Ofcourse, if the other person is a startup veteran, things are different but
then they may not have enough time to go into details of your startup

------
joshklein
I've found that cofounders can be both a blessing and a curse. I started
something on my own that failed because I lacked the discipline to lock my
brain in to work mode from 9am to 5pm. Working in my apartment - sometimes
still in whatever I slept in - made me blur the lines between what was life
and what was work. If you have a cofounder, at the very minimum you'll have to
get dressed in the morning :) Hopefully, you'll also have someone keeping you
accountable to deadlines, questioning what you did that day, and so on. Not in
a manager style, but because they genuinely need to know what you've done
every day.

But I've also started things with cofounders that didn't work out (I wouldn't
say "failed" because they were more false starts than outright failures). You
really do have to think of cofounding like a marriage, because you and your
cofounder have to have the same set of goals. In 10 years, do you still want
to be working side by side with this person? Could you take direction from
them if you ultimately decide they should be the final say on something? Do
you have the same exit strategy? Do you want to live in the same city as them?
Do you want a small company or a big one? What kind of culture do you want
your company to have? When are you both quitting your day jobs / consulting?
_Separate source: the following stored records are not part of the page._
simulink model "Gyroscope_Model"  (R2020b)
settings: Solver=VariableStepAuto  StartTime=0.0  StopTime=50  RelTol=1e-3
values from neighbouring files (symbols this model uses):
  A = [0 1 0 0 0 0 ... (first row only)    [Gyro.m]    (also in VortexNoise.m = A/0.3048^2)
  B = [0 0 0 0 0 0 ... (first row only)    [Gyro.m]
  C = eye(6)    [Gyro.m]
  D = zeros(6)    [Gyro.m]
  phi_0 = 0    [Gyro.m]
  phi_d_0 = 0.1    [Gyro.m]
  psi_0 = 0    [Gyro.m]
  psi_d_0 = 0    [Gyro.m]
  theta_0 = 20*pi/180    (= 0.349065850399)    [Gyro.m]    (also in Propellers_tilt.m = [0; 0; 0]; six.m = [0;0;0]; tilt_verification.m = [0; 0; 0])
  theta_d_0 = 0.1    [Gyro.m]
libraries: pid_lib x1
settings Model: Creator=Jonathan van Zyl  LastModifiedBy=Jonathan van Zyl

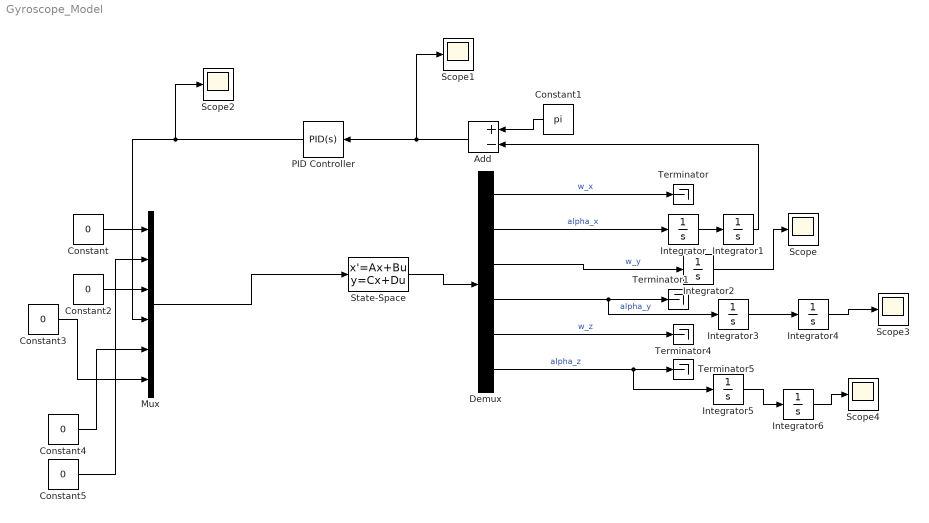
== system Gyroscope_Model ==
  Add : Sum  Inputs=+-
  Constant{,2..5} (5 alike) : Constant  Value=0
  Constant1 : Constant  Value=pi
  Demux : Demux  Outputs=6
  Integrator : Integrator  InitialCondition=theta_d_0
  Integrator1 : Integrator  InitialCondition=theta_0
  Integrator2 : Integrator
  Integrator3 : Integrator  InitialCondition=phi_d_0
  Integrator4 : Integrator  InitialCondition=phi_0
  Integrator5 : Integrator  InitialCondition=psi_d_0
  Integrator6 : Integrator  InitialCondition=psi_0
  Mux : Mux  Inputs=6
  PID Controller : pid_lib/PID Controller  Controller=PID  Form=Parallel  TimeDomain=Continuous-time  UseExternalTs=off  SampleTime=-1  IntegratorMethod=Forward Euler  FilterMethod=Forward Euler  ControllerParametersSource=internal  P=0.296738839189935  I=0.0106852580966872  D=1.20174097843501  UseFilter=on  N=11.3634813848559  TunerSelectOption=Transfer Function Based (PID Tuner App)  InitialConditionSource=internal  InitialConditionForIntegrator=0  InitialConditionForFilter=0  DifferentiatorICPrevScaledInput=0  ExternalReset=none  TrackingMode=off  Kt=1  LimitOutput=off  SatLimitsSource=internal  UpperSaturationLimit=inf  LowerSaturationLimit=-inf  LinearizeAsGain=on  AntiWindupMode=none  Kb=1  POutMin=[]  POutMax=[]  IOutMin=[]  IOutMax=[]  DOutMin=[]  DOutMax=[]  NOutMin=[]  NOutMax=[]  SumOutMin=[]  SumOutMax=[]  SaturationOutMin=[]  SaturationOutMax=[]  PParamMin=[]  PParamMax=[]  IParamMin=[]  IParamMax=[]  DParamMin=[]  DParamMax=[]  NParamMin=[]  NParamMax=[]  KbParamMin=[]  KbParamMax=[]  KtParamMin=[]  KtParamMax=[]  KbOutMin=[]  KbOutMax=[]  KtOutMin=[]  KtOutMax=[]  IntegratorOutMin=[]  IntegratorOutMax=[]  FilterOutMin=[]  FilterOutMax=[]  SumI1OutMin=[]  SumI1OutMax=[]  SumI2OutMin=[]  SumI2OutMax=[]  SumI3OutMin=[]  SumI3OutMax=[]  SumI4OutMin=[]  SumI4OutMax=[]  SumDOutMin=[]  SumDOutMax=[]  DifferentiatorOutMin=[]  DifferentiatorOutMax=[]  FilterDiffOutCoefMin=[]  FilterDiffOutCoefMax=[]  ReciprocalOutMin=[]  ReciprocalOutMax=[]  SumDenOutMin=[]  SumDenOutMax=[]  SumNumOutMin=[]  SumNumOutMax=[]  DivideOutMin=[]  DivideOutMax=[]  UdiffTsProdOutMin=[]  UdiffTsProdOutMax=[]  NTsProdOutMin=[]  NTsProdOutMax=[]  UintegralTsProdOutMin=[]  UintegralTsProdOutMax=[]  UngainTsProdOutMin=[]  UngainTsProdOutMax=[]  IntegratorContinuousStateAttributes=''  IntegratorStateMustResolveToSignalObject=off  IntegratorRTWStateStorageClass=Auto  FilterContinuousStateAttributes=''  FilterStateMustResolveToSignalObject=off  FilterRTWStateStorageClass=Auto  ParallelPVariant=InternalParameters  IdealPVariant=Disabled  IVariant=InternalParameters  DVariant=InternalParameters  IntegratorVariant=Continuous  SatVariant=Disabled  AWVariant=Passthrough  PCopyVariant=Disabled  TRVariant=Disabled  FdbkBlocksVariant=Forward  IdealPFdbkVariant=Disabled  SatFdbkVariant=Disabled  DerivativeFilterVariant=ContFilter  NVariant=InternalParameters  NCopyVariant=Disabled  FilterICVariant=InternalICsFilter  IntegratorICVariant=InternalICs  ExternalResetVariant=Disabled  TRSumVariant=Passthrough  SumFdbkVariant=Disabled  SumVariant=Sum_PID  TsampFilterVariant=InternalTs  TsampNgainVariant=Passthrough  TsampIntegralVariant=Passthrough  ExternalSaturationOutDataTypeStr=Inherit: Same as second input
  Scope{,1..4} (5 alike) : Scope
  State-Space : StateSpace  A=A  B=B  C=C  D=D  InitialCondition=0
  Terminator{,1,4..5} (4 alike) : Terminator
  wires:
  Constant/1 -> Mux/1
  Constant2/1 -> Mux/3
  Constant4/1 -> Mux/5
  Mux/1 -> State-Space/1
  State-Space/1 -> Demux/1
  Demux/1 -> Terminator/1  "w_x"
  Demux/2 -> Integrator/1  "alpha_x"
  Demux/3 -> Integrator2/1  "w_y"
  Demux/4 -> Integrator3/1, Terminator1/1  "alpha_y"
  Demux/5 -> Terminator4/1  "w_z"
  Demux/6 -> Integrator5/1, Terminator5/1  "alpha_z"
  Integrator/1 -> Integrator1/1
  Constant1/1 -> Add/1
  Add/1 -> Scope1/1, PID Controller/1
  Constant3/1 -> Mux/6
  PID Controller/1 -> Mux/4, Scope2/1
  Integrator1/1 -> Add/2
  Integrator2/1 -> Scope/1
  Integrator3/1 -> Integrator4/1
  Integrator4/1 -> Scope3/1
  Integrator5/1 -> Integrator6/1
  Integrator6/1 -> Scope4/1
  Constant5/1 -> Mux/2

It may seem like discussing these things are premature when you're hacking in
a garage, but the answers aren't nearly as important as the questions. You
don't want to have a vision for selling a 50 person company to Google while
your cofounder sees your startup as side income to his day job. And you
definitely don't want to see your startup as an 80 hour/week gig while your
cofounder sees it as a 10/hour week gig.

I follow Seth Godin's advice on partnership: 50/50 is a bad idea, period.
Business requires decision-making, and someone should be the final say. If you
wouldn't be okay deferring to your cofounder (even when he is wrong), maybe
it's not the right cofounder. And ownership should be a factor determined by
both time and money put in, not one or the other. Your agreement with your
partner should stipulate how much time you'll be logging for the project, and
ownership should be tied to actually "showing up".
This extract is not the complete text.